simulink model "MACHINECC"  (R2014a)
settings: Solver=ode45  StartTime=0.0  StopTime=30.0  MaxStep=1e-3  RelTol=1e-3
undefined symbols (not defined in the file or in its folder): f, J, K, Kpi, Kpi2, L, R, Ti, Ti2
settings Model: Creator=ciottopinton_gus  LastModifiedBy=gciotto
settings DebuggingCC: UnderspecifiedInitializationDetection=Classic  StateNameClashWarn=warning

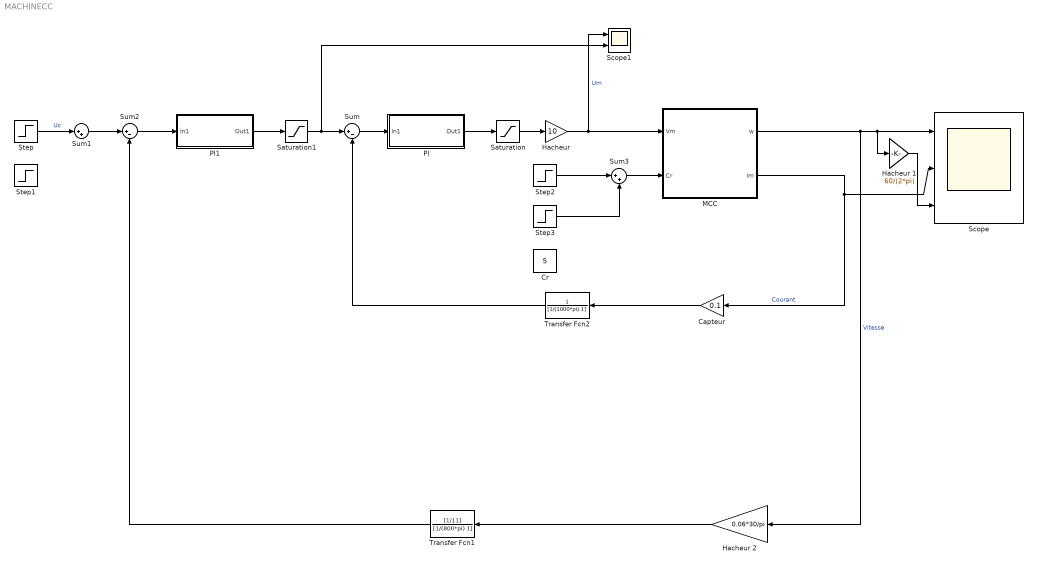
== system MACHINECC ==
  Capteur : Gain  Gain=0.1
  Cr : Constant  Value=5
  "Hacheur " : Gain  Gain=10
  Hacheur 1 : Gain  Gain=60/(2*pi)
  Hacheur 2 : Gain  Gain=0.06*30/pi
  MCC : Subsystem
  PI : Subsystem
  PI1 : Subsystem
  Saturation : Saturate  UpperLimit=9  LowerLimit=-9
  Saturation1 : Saturate  UpperLimit=4  LowerLimit=-4
  Scope : Scope  NumInputPorts=3
      settings: YMin=-5~-5~-5  YMax=5~5~5
  Scope1 : Scope  NumInputPorts=2
      settings: YMin=-5~-5  YMax=5~5
  Step : Step  Time=0  After=0.06/11*800  SampleTime=0
  Step1 : Step  Time=3  After=-4  SampleTime=0
  Step2 : Step  Time=5  After=15  SampleTime=0
  Step3 : Step  Time=15  After=-10  SampleTime=0
  Sum : Sum  Inputs=|+-
  Sum1 : Sum  Inputs=|++
  Sum2 : Sum  Inputs=|+-
  Sum3 : Sum  Inputs=|++
  Transfer Fcn1 : TransferFcn  Numerator=[1/11]  Denominator=[1/(800*pi) 1]
  Transfer Fcn2 : TransferFcn  Denominator=[1/(1000*pi) 1]
  wires:
  "Hacheur "/1 -> Scope1/1, MCC/1("Vm ")  "Um"
  MCC/2(Im) -> Capteur/1, Scope/2  "Courant"
  Capteur/1 -> Transfer Fcn2/1
  Transfer Fcn2/1 -> Sum/2
  Saturation/1 -> "Hacheur "/1
  Sum/1 -> PI/1(In1)
  PI/1(Out1) -> Saturation/1
  Step/1 -> Sum1/1  "Uc"
  MCC/1(w) -> Hacheur 2/1, Scope/1, Hacheur 1/1  "Vitesse"
  Hacheur 2/1 -> Transfer Fcn1/1
  Transfer Fcn1/1 -> Sum2/2
  Sum1/1 -> Sum2/1
  Sum2/1 -> PI1/1(In1)
  PI1/1(Out1) -> Saturation1/1
  Saturation1/1 -> Scope1/2, Sum/1
  Hacheur 1/1 -> Scope/3
  Sum3/1 -> MCC/2("Cr ")
  Step3/1 -> Sum3/2
  Step2/1 -> Sum3/1

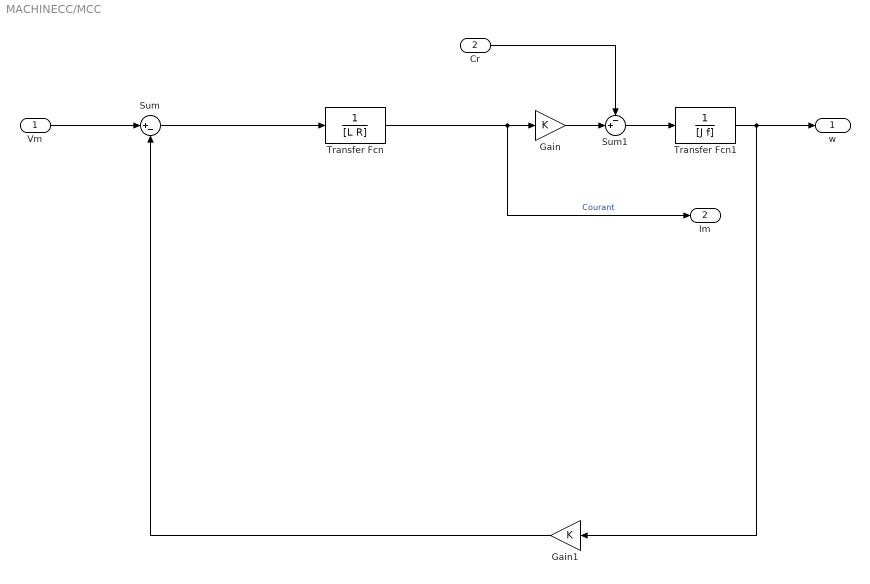
== system MACHINECC/MCC ==
  "Vm " : Inport
  "Cr " : Inport  Port=2
  Gain : Gain  Gain=K
  Gain1 : Gain  Gain=K
  Sum : Sum  Inputs=|+-
  Sum1 : Sum  Inputs=-+|
  Transfer Fcn : TransferFcn  Denominator=[L R]
  Transfer Fcn1 : TransferFcn  Denominator=[J f]
  w : Outport
  Im : Outport  Port=2
  wires:
  "Vm "/1 -> Sum/1
  Gain/1 -> Sum1/2
  "Cr "/1 -> Sum1/1
  Sum1/1 -> Transfer Fcn1/1
  Transfer Fcn1/1 -> Gain1/1, w/1
  Gain1/1 -> Sum/2
  Transfer Fcn/1 -> Im/1, Gain/1  "Courant"
  Sum/1 -> Transfer Fcn/1

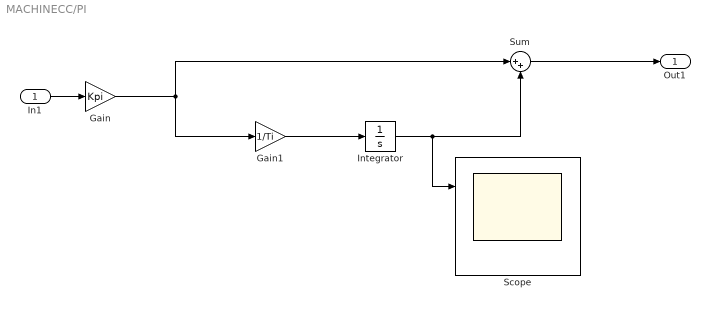
== system MACHINECC/PI ==
  In1 : Inport
  Gain : Gain  Gain=Kpi
  Gain1 : Gain  Gain=1/Ti
  Integrator : Integrator  LimitOutput=on  UpperSaturationLimit=9  LowerSaturationLimit=-9
  Scope : Scope  NumInputPorts=2
      settings: YMin=-5~-5  YMax=5~5  SaveName=ScopeData2
  Sum : Sum  Inputs=|++
  Out1 : Outport
  wires:
  In1/1 -> Gain/1
  Gain/1 -> Sum/1, Gain1/1
  Gain1/1 -> Integrator/1
  Integrator/1 -> Scope/1, Sum/2
  Sum/1 -> Out1/1

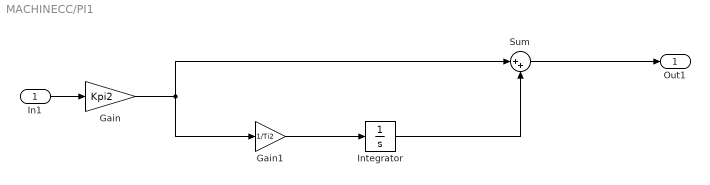
== system MACHINECC/PI1 ==
  In1 : Inport
  Gain : Gain  Gain=Kpi2
  Gain1 : Gain  Gain=1/Ti2
  Integrator : Integrator
  Sum : Sum  Inputs=|++
  Out1 : Outport
  wires:
  In1/1 -> Gain/1
  Gain/1 -> Sum/1, Gain1/1
  Gain1/1 -> Integrator/1
  Integrator/1 -> Sum/2
  Sum/1 -> Out1/1

_ _ _ _ _ _ _

In the data above, find each line where the string "SampleTime" appears, then copy it.

EXERCISE RESULT »
  Step : Step  Time=0  After=0.06/11*800  SampleTime=0
  Step1 : Step  Time=3  After=-4  SampleTime=0
  Step2 : Step  Time=5  After=15  SampleTime=0
  Step3 : Step  Time=15  After=-10  SampleTime=0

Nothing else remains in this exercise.